- [Exercise directions]
Going down the data below, set down exactly the line with "#112=ORIENTED_EDGE('',*,*,#111,.F.);" and each line after it through the line with "#161=ORIENTED_EDGE('',*,*,#40,.F.);"; no other lines.

Dataset excerpts
+++++

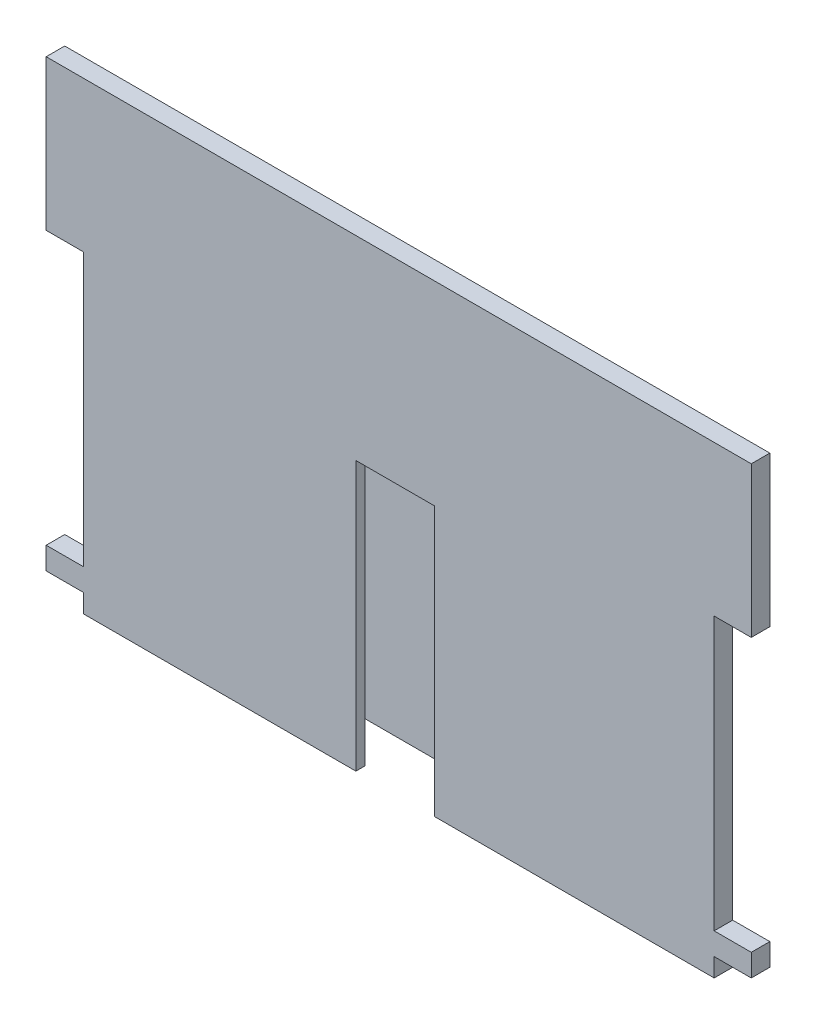
ISO-10303-21;
HEADER;
FILE_DESCRIPTION(('STEP AP214'),'2;1');
FILE_NAME('part.step','',(''),(''),'','','');
FILE_SCHEMA(('AUTOMOTIVE_DESIGN { 1 0 10303 214 1 1 1 1 }'));
ENDSEC;
DATA;
#1=APPLICATION_CONTEXT('core data for automotive mechanical design processes');
#2=APPLICATION_PROTOCOL_DEFINITION('international standard','automotive_design',2000,#1);
#3=PRODUCT_CONTEXT('',#1,'mechanical');
#4=PRODUCT('Part','Part','',(#3));
#5=PRODUCT_RELATED_PRODUCT_CATEGORY('part','',(#4));
#6=PRODUCT_DEFINITION_FORMATION('','',#4);
#7=PRODUCT_DEFINITION_CONTEXT('part definition',#1,'design');
#8=PRODUCT_DEFINITION('design','',#6,#7);
#9=PRODUCT_DEFINITION_SHAPE('','',#8);
#10=(LENGTH_UNIT() NAMED_UNIT(*) SI_UNIT(.MILLI.,.METRE.));
#11=(NAMED_UNIT(*) PLANE_ANGLE_UNIT() SI_UNIT($,.RADIAN.));
#12=(NAMED_UNIT(*) SI_UNIT($,.STERADIAN.) SOLID_ANGLE_UNIT());
#13=UNCERTAINTY_MEASURE_WITH_UNIT(LENGTH_MEASURE(1.E-05),#10,'distance_accuracy_value','');
#14=(GEOMETRIC_REPRESENTATION_CONTEXT(3) GLOBAL_UNCERTAINTY_ASSIGNED_CONTEXT((#13)) GLOBAL_UNIT_ASSIGNED_CONTEXT((#10,
#11,#12)) REPRESENTATION_CONTEXT('',''));
#15=CARTESIAN_POINT('',(0.,0.,0.));
#16=DIRECTION('',(0.,0.,1.));
#17=DIRECTION('',(1.,0.,0.));
#18=AXIS2_PLACEMENT_3D('',#15,#16,#17);
#19=CARTESIAN_POINT('',(-17.,0.5,1.));
#20=DIRECTION('',(0.,1.,0.));
#21=DIRECTION('',(0.,0.,1.));
#22=AXIS2_PLACEMENT_3D('',#19,#20,#21);
#23=PLANE('',#22);
#24=DIRECTION('',(0.,0.,1.));
#25=VECTOR('',#24,1.);
#26=CARTESIAN_POINT('',(1.92307692307692,0.5,1.));
#27=LINE('',#26,#25);
#28=CARTESIAN_POINT('',(1.92307692307692,0.5,0.5));
#29=VERTEX_POINT('',#28);
#30=CARTESIAN_POINT('',(1.92307692307692,0.5,1.));
#31=VERTEX_POINT('',#30);
#32=EDGE_CURVE('E360',#29,#31,#27,.T.);
#33=ORIENTED_EDGE('',*,*,#32,.F.);
#34=DIRECTION('',(1.,0.,0.));
#35=VECTOR('',#34,1.);
#36=CARTESIAN_POINT('',(-17.,0.5,0.5));
#37=LINE('',#36,#35);
#38=CARTESIAN_POINT('',(11.5384615384616,0.5,0.5));
#39=VERTEX_POINT('',#38);
#40=EDGE_CURVE('E235',#29,#39,#37,.T.);
#41=ORIENTED_EDGE('',*,*,#40,.T.);
#42=DIRECTION('',(0.,0.,1.));
#43=VECTOR('',#42,1.);
#44=CARTESIAN_POINT('',(11.5384615384616,0.5,1.));
#45=LINE('',#44,#43);
#46=CARTESIAN_POINT('',(11.5384615384616,0.5,0.));
#47=VERTEX_POINT('',#46);
#48=EDGE_CURVE('E280',#47,#39,#45,.T.);
#49=ORIENTED_EDGE('',*,*,#48,.F.);
#50=DIRECTION('',(1.,0.,0.));
#51=VECTOR('',#50,1.);
#52=CARTESIAN_POINT('',(-17.,0.5,0.));
#53=LINE('',#52,#51);
#54=CARTESIAN_POINT('',(17.,0.5,0.));
#55=VERTEX_POINT('',#54);
#56=EDGE_CURVE('E292',#47,#55,#53,.T.);
#57=ORIENTED_EDGE('',*,*,#56,.T.);
#58=DIRECTION('',(0.,0.,-1.));
#59=VECTOR('',#58,1.);
#60=CARTESIAN_POINT('',(17.,0.5,1.));
#61=LINE('',#60,#59);
#62=CARTESIAN_POINT('',(17.,0.5,1.));
#63=VERTEX_POINT('',#62);
#64=EDGE_CURVE('E236',#63,#55,#61,.T.);
#65=ORIENTED_EDGE('',*,*,#64,.F.);
#66=DIRECTION('',(1.,0.,0.));
#67=VECTOR('',#66,1.);
#68=CARTESIAN_POINT('',(-17.,0.5,1.));
#69=LINE('',#68,#67);
#70=EDGE_CURVE('E197',#31,#63,#69,.T.);
#71=ORIENTED_EDGE('',*,*,#70,.F.);
#72=EDGE_LOOP('',(#33,#41,#49,#57,#65,#71));
#73=FACE_BOUND('',#72,.T.);
#74=ADVANCED_FACE('F39',(#73),#23,.F.);
#75=DIRECTION('',(0.,0.,-1.));
#76=VECTOR('',#75,1.);
#77=CARTESIAN_POINT('',(-2.30769230769231,0.5,1.));
#78=LINE('',#77,#76);
#79=CARTESIAN_POINT('',(-2.30769230769231,0.5,1.));
#80=VERTEX_POINT('',#79);
#81=CARTESIAN_POINT('',(-2.30769230769231,0.5,0.5));
#82=VERTEX_POINT('',#81);
#83=EDGE_CURVE('E376',#80,#82,#78,.T.);
#84=ORIENTED_EDGE('',*,*,#83,.F.);
#85=CARTESIAN_POINT('',(-17.,0.5,1.));
#86=VERTEX_POINT('',#85);
#87=EDGE_CURVE('E204',#86,#80,#69,.T.);
#88=ORIENTED_EDGE('',*,*,#87,.F.);
#89=DIRECTION('',(0.,0.,-1.));
#90=VECTOR('',#89,1.);
#91=CARTESIAN_POINT('',(-17.,0.5,1.));
#92=LINE('',#91,#90);
#93=CARTESIAN_POINT('',(-17.,0.5,0.));
#94=VERTEX_POINT('',#93);
#95=EDGE_CURVE('E237',#86,#94,#92,.T.);
#96=ORIENTED_EDGE('',*,*,#95,.T.);
#97=DIRECTION('',(1.,0.,0.));
#98=VECTOR('',#97,1.);
#99=CARTESIAN_POINT('',(-17.,0.5,0.));
#100=LINE('',#99,#98);
#101=CARTESIAN_POINT('',(-11.5384615384615,0.5,0.));
#102=VERTEX_POINT('',#101);
#103=EDGE_CURVE('E289',#94,#102,#100,.T.);
#104=ORIENTED_EDGE('',*,*,#103,.T.);
#105=DIRECTION('',(0.,0.,-1.));
#106=VECTOR('',#105,1.);
#107=CARTESIAN_POINT('',(-11.5384615384615,0.5,1.));
#108=LINE('',#107,#106);
#109=CARTESIAN_POINT('',(-11.5384615384615,0.5,0.5));
#110=VERTEX_POINT('',#109);
#111=EDGE_CURVE('E231',#110,#102,#108,.T.);
#112=ORIENTED_EDGE('',*,*,#111,.F.);
#113=EDGE_CURVE('E227',#110,#82,#37,.T.);
#114=ORIENTED_EDGE('',*,*,#113,.T.);
#115=EDGE_LOOP('',(#84,#88,#96,#104,#112,#114));
#116=FACE_BOUND('',#115,.T.);
#117=ADVANCED_FACE('F475',(#116),#23,.F.);
#118=CARTESIAN_POINT('',(0.,0.,0.5));
#119=DIRECTION('',(0.,0.,1.));
#120=DIRECTION('',(1.,0.,0.));
#121=AXIS2_PLACEMENT_3D('',#118,#119,#120);
#122=PLANE('',#121);
#123=DIRECTION('',(0.,-1.,0.));
#124=VECTOR('',#123,1.);
#125=CARTESIAN_POINT('',(1.92307692307692,15.,0.5));
#126=LINE('',#125,#124);
#127=CARTESIAN_POINT('',(1.92307692307692,2.69230769230769,0.5));
#128=VERTEX_POINT('',#127);
#129=EDGE_CURVE('E11',#128,#29,#126,.T.);
#130=ORIENTED_EDGE('',*,*,#129,.F.);
#131=DIRECTION('',(-1.,0.,0.));
#132=VECTOR('',#131,1.);
#133=CARTESIAN_POINT('',(7.30769230769232,2.69230769230769,0.5));
#134=LINE('',#133,#132);
#135=CARTESIAN_POINT('',(7.30769230769232,2.69230769230769,0.5));
#136=VERTEX_POINT('',#135);
#137=EDGE_CURVE('E366',#136,#128,#134,.T.);
#138=ORIENTED_EDGE('',*,*,#137,.F.);
#139=DIRECTION('',(0.,-1.,0.));
#140=VECTOR('',#139,1.);
#141=CARTESIAN_POINT('',(7.30769230769232,15.,0.5));
#142=LINE('',#141,#140);
#143=CARTESIAN_POINT('',(7.30769230769232,15.,0.5));
#144=VERTEX_POINT('',#143);
#145=EDGE_CURVE('E372',#144,#136,#142,.T.);
#146=ORIENTED_EDGE('',*,*,#145,.F.);
#147=DIRECTION('',(-1.,0.,0.));
#148=VECTOR('',#147,1.);
#149=CARTESIAN_POINT('',(11.5384615384616,15.,0.5));
#150=LINE('',#149,#148);
#151=CARTESIAN_POINT('',(11.5384615384616,15.,0.5));
#152=VERTEX_POINT('',#151);
#153=EDGE_CURVE('E371',#152,#144,#150,.T.);
#154=ORIENTED_EDGE('',*,*,#153,.F.);
#155=DIRECTION('',(0.,1.,0.));
#156=VECTOR('',#155,1.);
#157=CARTESIAN_POINT('',(11.5384615384616,-15.,0.5));
#158=LINE('',#157,#156);
#159=EDGE_CURVE('E282',#39,#152,#158,.T.);
#160=ORIENTED_EDGE('',*,*,#159,.F.);
#161=ORIENTED_EDGE('',*,*,#40,.F.);
#162=EDGE_LOOP('',(#130,#138,#146,#154,#160,#161));
#163=FACE_BOUND('',#162,.T.);
#164=ADVANCED_FACE('F508',(#163),#122,.F.);
#165=DIRECTION('',(0.,1.,0.));
#166=VECTOR('',#165,1.);
#167=CARTESIAN_POINT('',(-2.30769230769231,-15.,0.5));
#168=LINE('',#167,#166);
#169=CARTESIAN_POINT('',(-2.30769230769231,2.69230769230769,0.5));
#170=VERTEX_POINT('',#169);
#171=EDGE_CURVE('E47',#82,#170,#168,.T.);
#172=ORIENTED_EDGE('',*,*,#171,.F.);
#173=ORIENTED_EDGE('',*,*,#113,.F.);
#174=DIRECTION('',(0.,-1.,0.));
#175=VECTOR('',#174,1.);
#176=CARTESIAN_POINT('',(-11.5384615384615,15.,0.5));
#177=LINE('',#176,#175);
#178=CARTESIAN_POINT('',(-11.5384615384615,15.,0.5));
#179=VERTEX_POINT('',#178);
#180=EDGE_CURVE('E344',#179,#110,#177,.T.);
#181=ORIENTED_EDGE('',*,*,#180,.F.);
#182=DIRECTION('',(-1.,0.,0.));
#183=VECTOR('',#182,1.);
#184=CARTESIAN_POINT('',(-7.30769230769229,15.,0.5));
#185=LINE('',#184,#183);
#186=CARTESIAN_POINT('',(-7.30769230769229,15.,0.5));
#187=VERTEX_POINT('',#186);
#188=EDGE_CURVE('E359',#187,#179,#185,.T.);
#189=ORIENTED_EDGE('',*,*,#188,.F.);
#190=DIRECTION('',(0.,1.,0.));
#191=VECTOR('',#190,1.);
#192=CARTESIAN_POINT('',(-7.30769230769229,2.69230769230769,0.5));
#193=LINE('',#192,#191);
#194=CARTESIAN_POINT('',(-7.30769230769229,2.69230769230769,0.5));
#195=VERTEX_POINT('',#194);
#196=EDGE_CURVE('E363',#195,#187,#193,.T.);
#197=ORIENTED_EDGE('',*,*,#196,.F.);
#198=EDGE_CURVE('E369',#170,#195,#134,.T.);
#199=ORIENTED_EDGE('',*,*,#198,.F.);
#200=EDGE_LOOP('',(#172,#173,#181,#189,#197,#199));
#201=FACE_BOUND('',#200,.T.);
#202=ADVANCED_FACE('F465',(#201),#122,.F.);
#203=CARTESIAN_POINT('',(0.,0.,0.));
#204=DIRECTION('',(0.,0.,-1.));
#205=DIRECTION('',(-1.,0.,0.));
#206=AXIS2_PLACEMENT_3D('',#203,#204,#205);
#207=PLANE('',#206);
#208=DIRECTION('',(-1.,0.,0.));
#209=VECTOR('',#208,1.);
#210=CARTESIAN_POINT('',(-7.30769230769229,15.,0.));
#211=LINE('',#210,#209);
#212=CARTESIAN_POINT('',(-7.30769230769229,15.,0.));
#213=VERTEX_POINT('',#212);
#214=CARTESIAN_POINT('',(-11.5384615384615,15.,0.));
#215=VERTEX_POINT('',#214);
#216=EDGE_CURVE('E285',#213,#215,#211,.T.);
#217=ORIENTED_EDGE('',*,*,#216,.T.);
#218=DIRECTION('',(0.,-1.,0.));
#219=VECTOR('',#218,1.);
#220=CARTESIAN_POINT('',(-11.5384615384615,15.,0.));
#221=LINE('',#220,#219);
#222=EDGE_CURVE('E277',#215,#102,#221,.T.);
#223=ORIENTED_EDGE('',*,*,#222,.T.);
#224=ORIENTED_EDGE('',*,*,#103,.F.);
#225=DIRECTION('',(0.,1.,0.));
#226=VECTOR('',#225,1.);
#227=CARTESIAN_POINT('',(-17.,1.5,0.));
#228=LINE('',#227,#226);
#229=CARTESIAN_POINT('',(-17.,1.5,0.));
#230=VERTEX_POINT('',#229);
#231=EDGE_CURVE('E295',#230,#94,#228,.F.);
#232=ORIENTED_EDGE('',*,*,#231,.F.);
#233=DIRECTION('',(-1.,0.,0.));
#234=VECTOR('',#233,1.);
#235=CARTESIAN_POINT('',(-19.,1.5,0.));
#236=LINE('',#235,#234);
#237=CARTESIAN_POINT('',(-19.,1.5,0.));
#238=VERTEX_POINT('',#237);
#239=EDGE_CURVE('E43',#238,#230,#236,.F.);
#240=ORIENTED_EDGE('',*,*,#239,.F.);
#241=DIRECTION('',(0.,1.,0.));
#242=VECTOR('',#241,1.);
#243=CARTESIAN_POINT('',(-19.,2.7,0.));
#244=LINE('',#243,#242);
#245=CARTESIAN_POINT('',(-19.,2.7,0.));
#246=VERTEX_POINT('',#245);
#247=EDGE_CURVE('E123',#246,#238,#244,.F.);
#248=ORIENTED_EDGE('',*,*,#247,.F.);
#249=DIRECTION('',(1.,0.,0.));
#250=VECTOR('',#249,1.);
#251=CARTESIAN_POINT('',(-17.,2.7,0.));
#252=LINE('',#251,#250);
#253=CARTESIAN_POINT('',(-17.,2.7,0.));
#254=VERTEX_POINT('',#253);
#255=EDGE_CURVE('E200',#254,#246,#252,.F.);
#256=ORIENTED_EDGE('',*,*,#255,.F.);
#257=DIRECTION('',(0.,1.,0.));
#258=VECTOR('',#257,1.);
#259=CARTESIAN_POINT('',(-17.,17.3947217067352,0.));
#260=LINE('',#259,#258);
#261=CARTESIAN_POINT('',(-17.,17.3947217067352,0.));
#262=VERTEX_POINT('',#261);
#263=EDGE_CURVE('E293',#262,#254,#260,.F.);
#264=ORIENTED_EDGE('',*,*,#263,.F.);
#265=DIRECTION('',(1.,0.,0.));
#266=VECTOR('',#265,1.);
#267=CARTESIAN_POINT('',(-19.,17.3947217067352,0.));
#268=LINE('',#267,#266);
#269=CARTESIAN_POINT('',(-19.,17.3947217067352,0.));
#270=VERTEX_POINT('',#269);
#271=EDGE_CURVE('E299',#270,#262,#268,.T.);
#272=ORIENTED_EDGE('',*,*,#271,.F.);
#273=DIRECTION('',(0.,1.,0.));
#274=VECTOR('',#273,1.);
#275=CARTESIAN_POINT('',(-19.,25.5,0.));
#276=LINE('',#275,#274);
#277=CARTESIAN_POINT('',(-19.,25.5,0.));
#278=VERTEX_POINT('',#277);
#279=EDGE_CURVE('E296',#278,#270,#276,.F.);
#280=ORIENTED_EDGE('',*,*,#279,.F.);
#281=DIRECTION('',(1.,0.,0.));
#282=VECTOR('',#281,1.);
#283=CARTESIAN_POINT('',(19.,25.5,0.));
#284=LINE('',#283,#282);
#285=CARTESIAN_POINT('',(19.,25.5,0.));
#286=VERTEX_POINT('',#285);
#287=EDGE_CURVE('E303',#286,#278,#284,.F.);
#288=ORIENTED_EDGE('',*,*,#287,.F.);
#289=DIRECTION('',(0.,1.,0.));
#290=VECTOR('',#289,1.);
#291=CARTESIAN_POINT('',(19.,17.3947217067352,0.));
#292=LINE('',#291,#290);
#293=CARTESIAN_POINT('',(19.,17.3947217067352,0.));
#294=VERTEX_POINT('',#293);
#295=EDGE_CURVE('E301',#294,#286,#292,.T.);
#296=ORIENTED_EDGE('',*,*,#295,.F.);
#297=DIRECTION('',(1.,0.,0.));
#298=VECTOR('',#297,1.);
#299=CARTESIAN_POINT('',(17.,17.3947217067352,0.));
#300=LINE('',#299,#298);
#301=CARTESIAN_POINT('',(17.,17.3947217067352,0.));
#302=VERTEX_POINT('',#301);
#303=EDGE_CURVE('E304',#302,#294,#300,.T.);
#304=ORIENTED_EDGE('',*,*,#303,.F.);
#305=DIRECTION('',(0.,1.,0.));
#306=VECTOR('',#305,1.);
#307=CARTESIAN_POINT('',(17.,2.7,0.));
#308=LINE('',#307,#306);
#309=CARTESIAN_POINT('',(17.,2.7,0.));
#310=VERTEX_POINT('',#309);
#311=EDGE_CURVE('E310',#310,#302,#308,.T.);
#312=ORIENTED_EDGE('',*,*,#311,.F.);
#313=DIRECTION('',(1.,0.,0.));
#314=VECTOR('',#313,1.);
#315=CARTESIAN_POINT('',(19.,2.7,0.));
#316=LINE('',#315,#314);
#317=CARTESIAN_POINT('',(19.,2.7,0.));
#318=VERTEX_POINT('',#317);
#319=EDGE_CURVE('E309',#318,#310,#316,.F.);
#320=ORIENTED_EDGE('',*,*,#319,.F.);
#321=DIRECTION('',(0.,1.,0.));
#322=VECTOR('',#321,1.);
#323=CARTESIAN_POINT('',(19.,1.5,0.));
#324=LINE('',#323,#322);
#325=CARTESIAN_POINT('',(19.,1.5,0.));
#326=VERTEX_POINT('',#325);
#327=EDGE_CURVE('E311',#326,#318,#324,.T.);
#328=ORIENTED_EDGE('',*,*,#327,.F.);
#329=DIRECTION('',(-1.,0.,0.));
#330=VECTOR('',#329,1.);
#331=CARTESIAN_POINT('',(17.,1.5,0.));
#332=LINE('',#331,#330);
#333=CARTESIAN_POINT('',(17.,1.5,0.));
#334=VERTEX_POINT('',#333);
#335=EDGE_CURVE('E313',#334,#326,#332,.F.);
#336=ORIENTED_EDGE('',*,*,#335,.F.);
#337=DIRECTION('',(0.,1.,0.));
#338=VECTOR('',#337,1.);
#339=CARTESIAN_POINT('',(17.,0.5,0.));
#340=LINE('',#339,#338);
#341=EDGE_CURVE('E288',#55,#334,#340,.T.);
#342=ORIENTED_EDGE('',*,*,#341,.F.);
#343=ORIENTED_EDGE('',*,*,#56,.F.);
#344=DIRECTION('',(0.,1.,0.));
#345=VECTOR('',#344,1.);
#346=CARTESIAN_POINT('',(11.5384615384616,-15.,0.));
#347=LINE('',#346,#345);
#348=CARTESIAN_POINT('',(11.5384615384616,15.,0.));
#349=VERTEX_POINT('',#348);
#350=EDGE_CURVE('E234',#47,#349,#347,.T.);
#351=ORIENTED_EDGE('',*,*,#350,.T.);
#352=DIRECTION('',(-1.,0.,0.));
#353=VECTOR('',#352,1.);
#354=CARTESIAN_POINT('',(11.5384615384616,15.,0.));
#355=LINE('',#354,#353);
#356=CARTESIAN_POINT('',(7.30769230769232,15.,0.));
#357=VERTEX_POINT('',#356);
#358=EDGE_CURVE('E354',#349,#357,#355,.T.);
#359=ORIENTED_EDGE('',*,*,#358,.T.);
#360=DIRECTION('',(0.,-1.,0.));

+++++

- [Answer space]
#112=ORIENTED_EDGE('',*,*,#111,.F.);
#113=EDGE_CURVE('E227',#110,#82,#37,.T.);
#114=ORIENTED_EDGE('',*,*,#113,.T.);
#115=EDGE_LOOP('',(#84,#88,#96,#104,#112,#114));
#116=FACE_BOUND('',#115,.T.);
#117=ADVANCED_FACE('F475',(#116),#23,.F.);
#118=CARTESIAN_POINT('',(0.,0.,0.5));
#119=DIRECTION('',(0.,0.,1.));
#120=DIRECTION('',(1.,0.,0.));
#121=AXIS2_PLACEMENT_3D('',#118,#119,#120);
#122=PLANE('',#121);
#123=DIRECTION('',(0.,-1.,0.));
#124=VECTOR('',#123,1.);
#125=CARTESIAN_POINT('',(1.92307692307692,15.,0.5));
#126=LINE('',#125,#124);
#127=CARTESIAN_POINT('',(1.92307692307692,2.69230769230769,0.5));
#128=VERTEX_POINT('',#127);
#129=EDGE_CURVE('E11',#128,#29,#126,.T.);
#130=ORIENTED_EDGE('',*,*,#129,.F.);
#131=DIRECTION('',(-1.,0.,0.));
#132=VECTOR('',#131,1.);
#133=CARTESIAN_POINT('',(7.30769230769232,2.69230769230769,0.5));
#134=LINE('',#133,#132);
#135=CARTESIAN_POINT('',(7.30769230769232,2.69230769230769,0.5));
#136=VERTEX_POINT('',#135);
#137=EDGE_CURVE('E366',#136,#128,#134,.T.);
#138=ORIENTED_EDGE('',*,*,#137,.F.);
#139=DIRECTION('',(0.,-1.,0.));
#140=VECTOR('',#139,1.);
#141=CARTESIAN_POINT('',(7.30769230769232,15.,0.5));
#142=LINE('',#141,#140);
#143=CARTESIAN_POINT('',(7.30769230769232,15.,0.5));
#144=VERTEX_POINT('',#143);
#145=EDGE_CURVE('E372',#144,#136,#142,.T.);
#146=ORIENTED_EDGE('',*,*,#145,.F.);
#147=DIRECTION('',(-1.,0.,0.));
#148=VECTOR('',#147,1.);
#149=CARTESIAN_POINT('',(11.5384615384616,15.,0.5));
#150=LINE('',#149,#148);
#151=CARTESIAN_POINT('',(11.5384615384616,15.,0.5));
#152=VERTEX_POINT('',#151);
#153=EDGE_CURVE('E371',#152,#144,#150,.T.);
#154=ORIENTED_EDGE('',*,*,#153,.F.);
#155=DIRECTION('',(0.,1.,0.));
#156=VECTOR('',#155,1.);
#157=CARTESIAN_POINT('',(11.5384615384616,-15.,0.5));
#158=LINE('',#157,#156);
#159=EDGE_CURVE('E282',#39,#152,#158,.T.);
#160=ORIENTED_EDGE('',*,*,#159,.F.);
#161=ORIENTED_EDGE('',*,*,#40,.F.);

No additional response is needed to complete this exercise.